Que era eu. Houve um silêncio no salão quando após vários elogios rasgados, ele anunciou meu nome. Fiquei paralisada de vergonha. Muitos olharam para mim, com sorrisos maldosos. O pobrezinho me esperava no mini palco que montaram para a entrega dos presentes, com uma expressão ansiosa no rosto. Respirei fundo e fui até lá, sem olhar para os lados. Ele me entregou um embrulho muito bonito, com as mãos meio trêmulas e sem saber o porquê, me deu vontade de chorar. Daquele garoto tão simples eu recebia um presente sincero e sei que as palavras que ele disse na frente de todos talvez fossem as poucas verdadeiras que um dia escutei onde trabalhava.

Daquele dia em diante, passei a dar mais atenção àquele garoto que se acordava todo os dias às seis horas da manhã para pegar dois ônibus para ganhar uma bolsa-auxílio que mal pagava sua faculdade. Não, não me apaixonei por ele. Naquela época eu amava um sem vergonha que se tivesse um pingo da personalidade e da humildade daquele menino, teria me feito muito feliz. Mas nunca eu me apaixonei pelas pessoas que talvez me merecessem. Fiquei amiga do estagiário, cujo nome descobri que era Fernando, imediatamente ajustado para Nando, como seus amigos também o chamavam.

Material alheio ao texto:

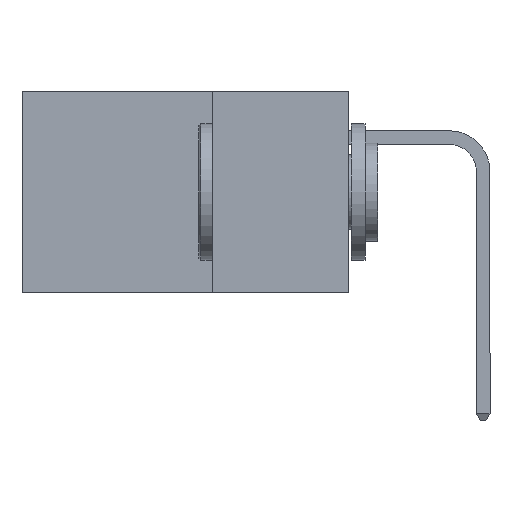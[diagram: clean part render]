
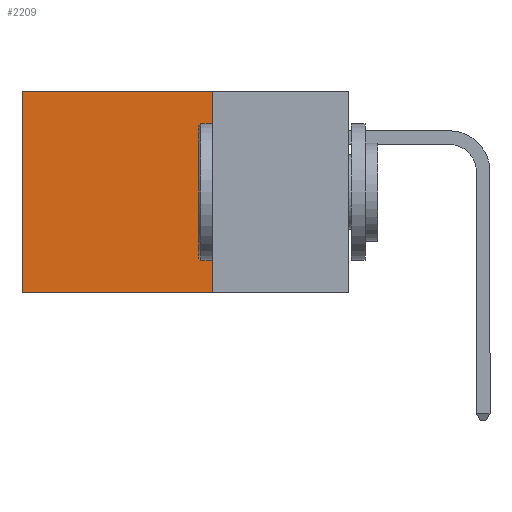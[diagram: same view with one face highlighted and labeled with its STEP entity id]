
A CAD part, left-side view. The second image highlights one B-rep face of the part: STEP entity #2209.
In plain terms, the highlighted planar face has unit normal (-1, 0, 0).
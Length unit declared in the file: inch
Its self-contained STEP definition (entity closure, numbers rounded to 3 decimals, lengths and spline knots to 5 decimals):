
#217 = VERTEX_POINT ( 'NONE', #8402 ) ;
#257 = VERTEX_POINT ( 'NONE', #7550 ) ;
#870 = EDGE_CURVE ( 'NONE', #1565, #3675, #8308, .T. ) ;
#1565 = VERTEX_POINT ( 'NONE', #9133 ) ;
#2209 = ADVANCED_FACE ( 'NONE', ( #8601 ), #5965, .F. ) ;
#2229 = VECTOR ( 'NONE', #6139, 39.37008 ) ;
#2455 = CARTESIAN_POINT ( 'NONE',  ( 0.2875, 0.6, 0. ) ) ;
#2468 = DIRECTION ( 'NONE',  ( 0., 0., -1. ) ) ;
#2603 = VECTOR ( 'NONE', #3361, 39.37008 ) ;
#2623 = DIRECTION ( 'NONE',  ( 0., 1., 0. ) ) ;
#2656 = ORIENTED_EDGE ( 'NONE', *, *, #870, .T. ) ;
#2706 = ORIENTED_EDGE ( 'NONE', *, *, #9420, .F. ) ;
#2715 = ORIENTED_EDGE ( 'NONE', *, *, #7110, .F. ) ;
#2762 = ORIENTED_EDGE ( 'NONE', *, *, #3504, .T. ) ;
#2884 = LINE ( 'NONE', #7981, #2603 ) ;
#3361 = DIRECTION ( 'NONE',  ( 0., 0., -1. ) ) ;
#3504 = EDGE_CURVE ( 'NONE', #257, #1565, #6592, .T. ) ;
#3675 = VERTEX_POINT ( 'NONE', #5334 ) ;
#5334 = CARTESIAN_POINT ( 'NONE',  ( 0.2875, 0.6, -0.37 ) ) ;
#5443 = DIRECTION ( 'NONE',  ( 0., 0., -1. ) ) ;
#5620 = DIRECTION ( 'NONE',  ( 1., 0., 0. ) ) ;
#5687 = CARTESIAN_POINT ( 'NONE',  ( 0.2875, 0.25, 0. ) ) ;
#5965 = PLANE ( 'NONE',  #8657 ) ;
#6139 = DIRECTION ( 'NONE',  ( 0., 1., 0. ) ) ;
#6152 = CARTESIAN_POINT ( 'NONE',  ( 0.2875, 0.25, 0. ) ) ;
#6185 = VECTOR ( 'NONE', #2468, 39.37008 ) ;
#6592 = LINE ( 'NONE', #6152, #2229 ) ;
#6979 = LINE ( 'NONE', #7409, #8631 ) ;
#7110 = EDGE_CURVE ( 'NONE', #257, #217, #2884, .T. ) ;
#7409 = CARTESIAN_POINT ( 'NONE',  ( 0.2875, 0.25, -0.37 ) ) ;
#7550 = CARTESIAN_POINT ( 'NONE',  ( 0.2875, 0.25, 0. ) ) ;
#7981 = CARTESIAN_POINT ( 'NONE',  ( 0.2875, 0.25, 0. ) ) ;
#8308 = LINE ( 'NONE', #2455, #6185 ) ;
#8402 = CARTESIAN_POINT ( 'NONE',  ( 0.2875, 0.25, -0.37 ) ) ;
#8601 = FACE_OUTER_BOUND ( 'NONE', #9916, .T. ) ;
#8631 = VECTOR ( 'NONE', #2623, 39.37008 ) ;
#8657 = AXIS2_PLACEMENT_3D ( 'NONE', #5687, #5620, #5443 ) ;
#9133 = CARTESIAN_POINT ( 'NONE',  ( 0.2875, 0.6, 0. ) ) ;
#9420 = EDGE_CURVE ( 'NONE', #217, #3675, #6979, .T. ) ;
#9916 = EDGE_LOOP ( 'NONE', ( #2656, #2706, #2715, #2762 ) ) ;

Um dia cheguei na empresa e descobri que ele havia ido embora. De uma hora para outra, Nando fôra chamado para trabalhar em outra cidade, ganhando o dobro, e nem teve tempo de se despedir de nós todos. Confesso que fiquei me sentindo sozinha. Lá na empresa eu não tinha mais ninguém com quem conversar. Não demorou, eu que fui embora. Fui em busca de outros caminhos, outros destinos, de palavras sinceras. Meu amigo, este eu nunca mais vi. Será que ele ainda lembra de mim?